Thank you in advance for your help. Gabriel
> metadata_fst(path_fstfile)
<fst file>
120534568 rows, 43 columns (demandsimulationResult.fst)
* 'tripId' : integer
* 'legId' : integer
* 'personnumber' : integer
* 'householdOid' : integer
* 'personOid' : integer
* ....
Note: other columns are of type character, double and logical.
> sessionInfo()
R version 4.1.0 (2021-05-18)
Platform: x86_64-w64-mingw32/x64 (64-bit)
Running under: Windows Server x64 (build 17763)
Matrix products: default
locale:
[1] LC_COLLATE=German_Germany.1252 LC_CTYPE=German_Germany.1252 LC_MONETARY=German_Germany.1252
[4] LC_NUMERIC=C LC_TIME=German_Germany.1252
attached base packages:
[1] stats graphics grDevices utils datasets methods base
other attached packages:
[1] fst_0.9.4
loaded via a namespace (and not attached):
[1] compiler_4.1.0 parallel_4.1.0 tools_4.1.0 Rcpp_1.0.7
Note: On another computer with R version 4.1.2 the error occurs as well.

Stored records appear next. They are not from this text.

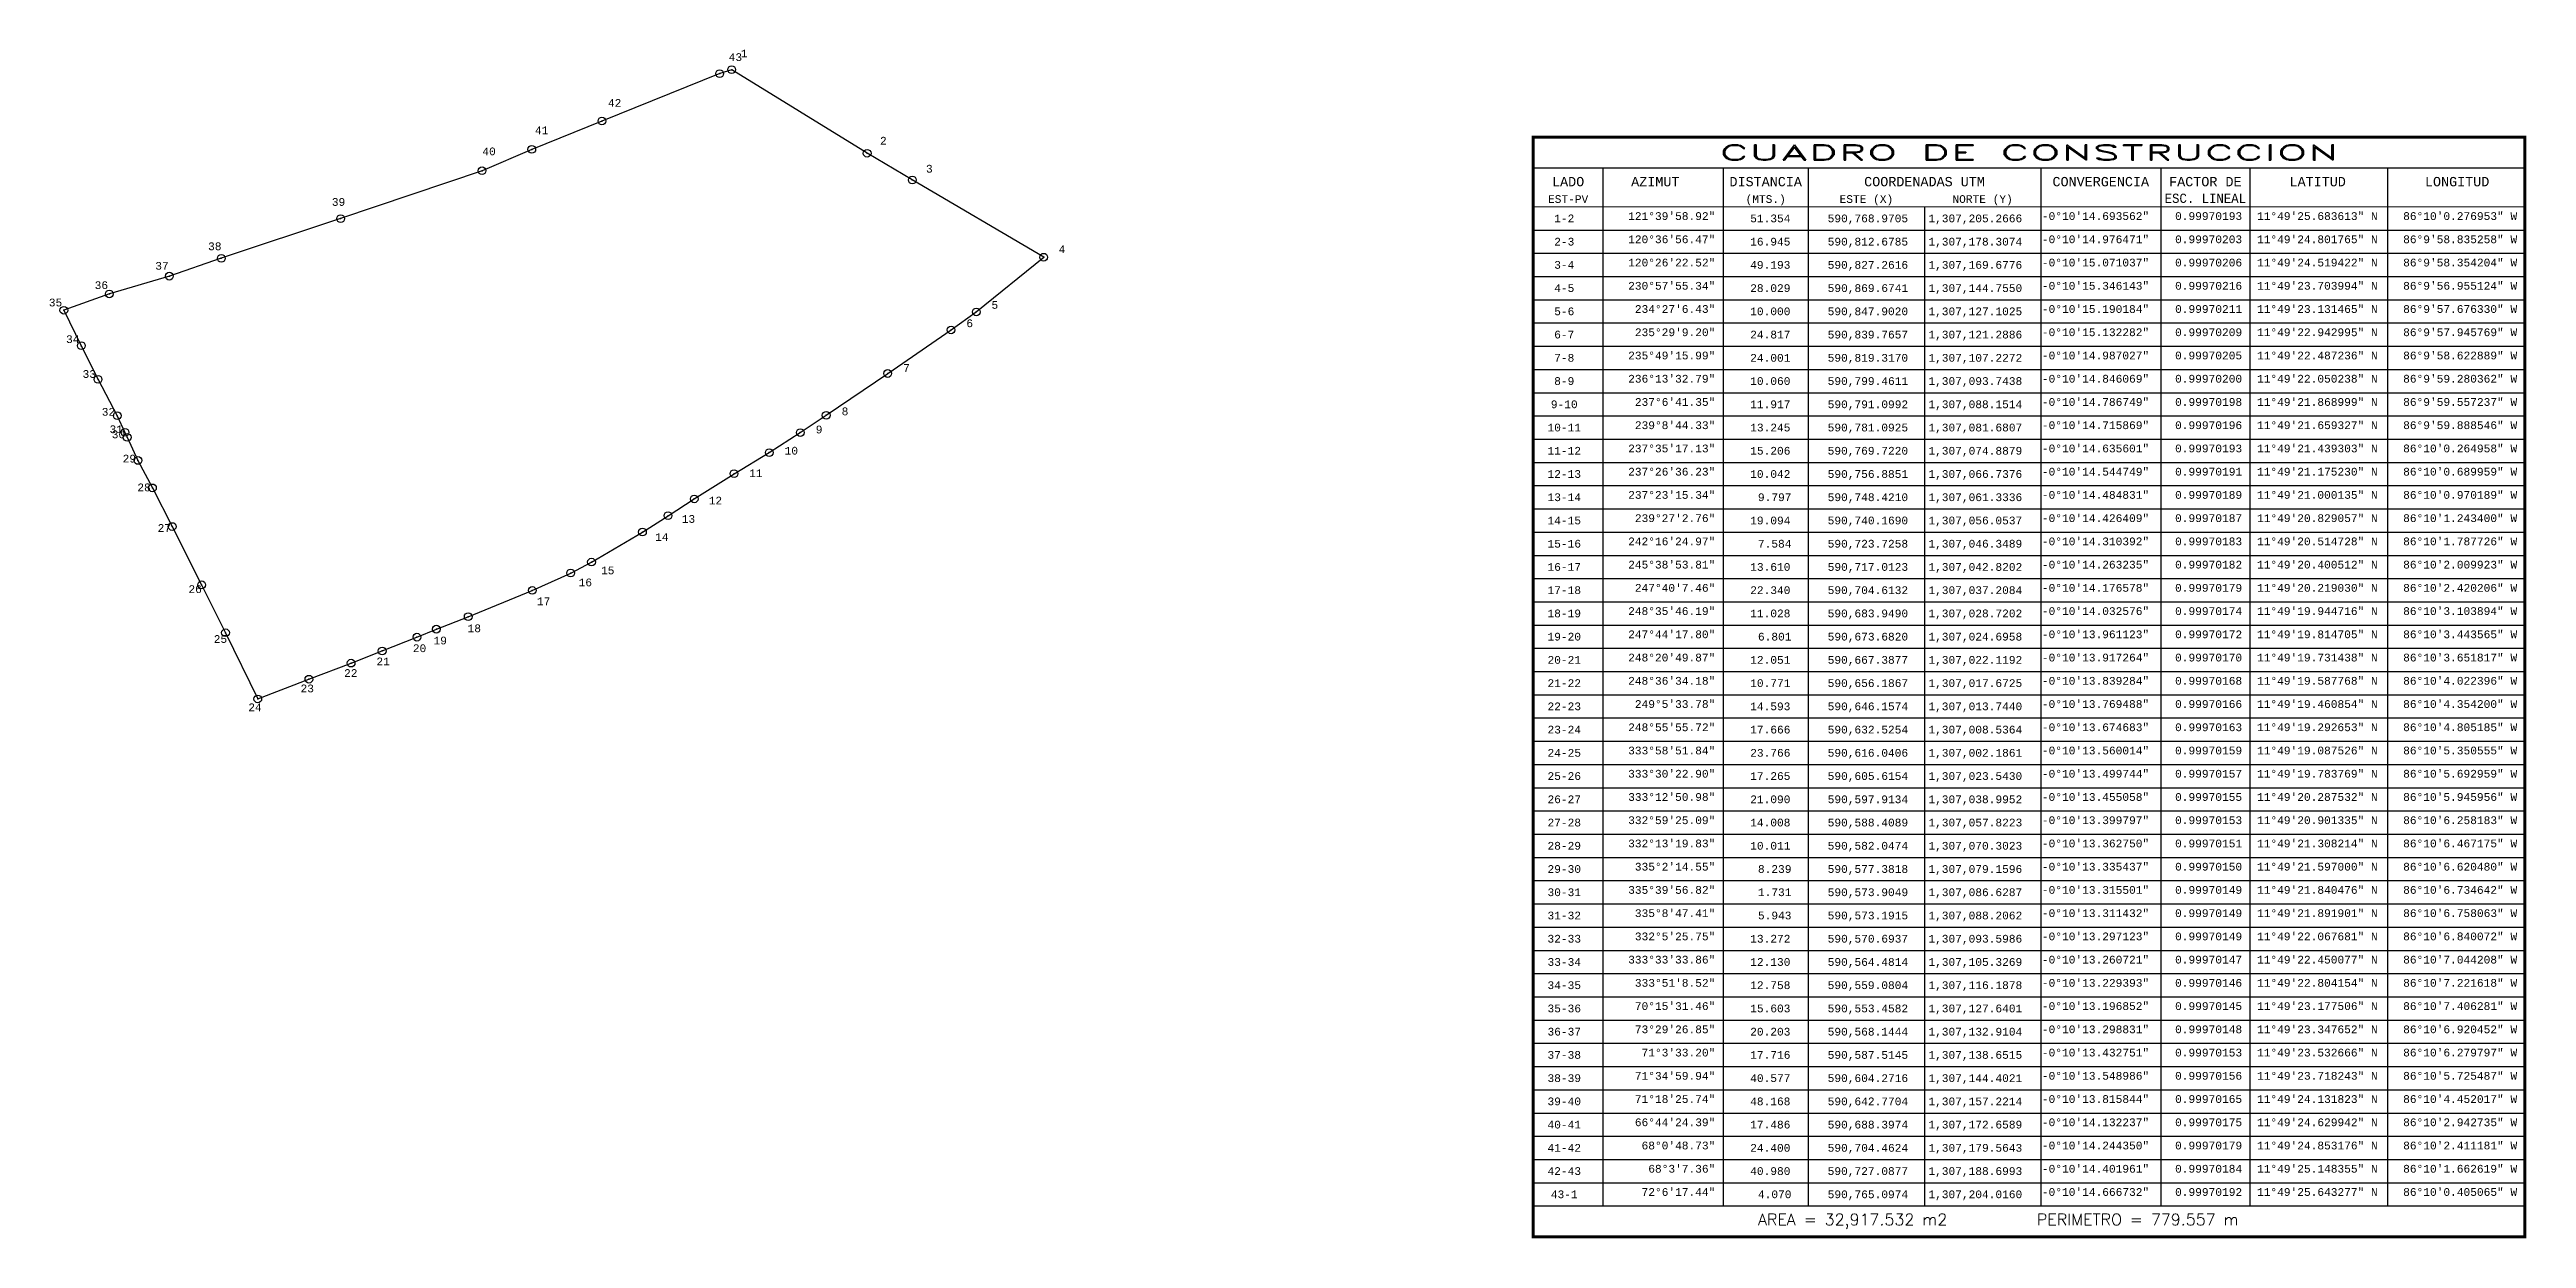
# Model space of a CAD drawing. Header units: millimetres. Extents: x 590549 to 591348, y 1306828 to 1307212.
import ezdxf
from ezdxf.enums import TextEntityAlignment as Align

# ---------------------------------------------------------------- set-up
doc = ezdxf.new("R2010")
doc.units = ezdxf.units.MM
doc.header["$PDMODE"] = 32
doc.header["$PDSIZE"] = 2.5
for name, color, linetype in [('CVL_CUADCON', 1, 'Continuous'), ('CVL_CUADCON_LIN', 8, 'Continuous'), ('CVL_CUADCON_TIT', 1, 'Continuous'), ('CVL_CUADCON_TX', 2, 'Continuous'), ('CVL_PUNTO', 2, 'Continuous'), ('CVL_PUNTO_NUM', 2, 'Continuous')]:
    doc.layers.add(name, color=color, linetype=linetype)
doc.styles.add('HUECA1', font='hueca1.shx')
doc.styles.add('MONOTXT4', font='monotxt4.shx')

msp = doc.modelspace()

# ---------------------------------------------------------------- linework, layer by layer
msp.add_lwpolyline([(590819.32, 1307107.23), (590839.77, 1307121.29), (590847.9, 1307127.1), (590869.67, 1307144.75), (590827.26, 1307169.68), (590812.68, 1307178.31), (590768.97, 1307205.27), (590765.1, 1307204.02), (590727.09, 1307188.7), (590704.46, 1307179.56), (590688.4, 1307172.66), (590642.77, 1307157.22), (590604.27, 1307144.4), (590587.51, 1307138.65), (590568.14, 1307132.91), (590553.46, 1307127.64), (590559.08, 1307116.19), (590564.48, 1307105.33), (590570.69, 1307093.6), (590573.19, 1307088.21), (590573.9, 1307086.63), (590577.38, 1307079.16), (590582.05, 1307070.3), (590588.41, 1307057.82), (590597.91, 1307039), (590605.62, 1307023.54), (590616.04, 1307002.19), (590632.53, 1307008.54), (590646.16, 1307013.74), (590656.19, 1307017.67), (590667.39, 1307022.12), (590673.68, 1307024.7), (590683.95, 1307028.72), (590704.61, 1307037.21), (590717.01, 1307042.82), (590723.73, 1307046.35), (590740.17, 1307056.05), (590748.42, 1307061.33), (590756.89, 1307066.74), (590769.72, 1307074.89), (590781.09, 1307081.68), (590791.1, 1307088.15), (590799.46, 1307093.74)], close=True)
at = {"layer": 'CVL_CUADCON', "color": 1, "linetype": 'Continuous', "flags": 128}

Have you tried incrementally reading parts of the file? E.g.
read_fst(path_fstfile, from=1, to=100)
read_fst(path_fstfile, from=100, to=1000)
read_fst(path_fstfile, from=120534468)
Hi @gabowi, did you check your memory consumption while the fst
file is loading from disk? This sounds like your system doesn't have enough memory to read this file but that shouldn't crash R
. Were the partial reads suggested by @fox34 successful?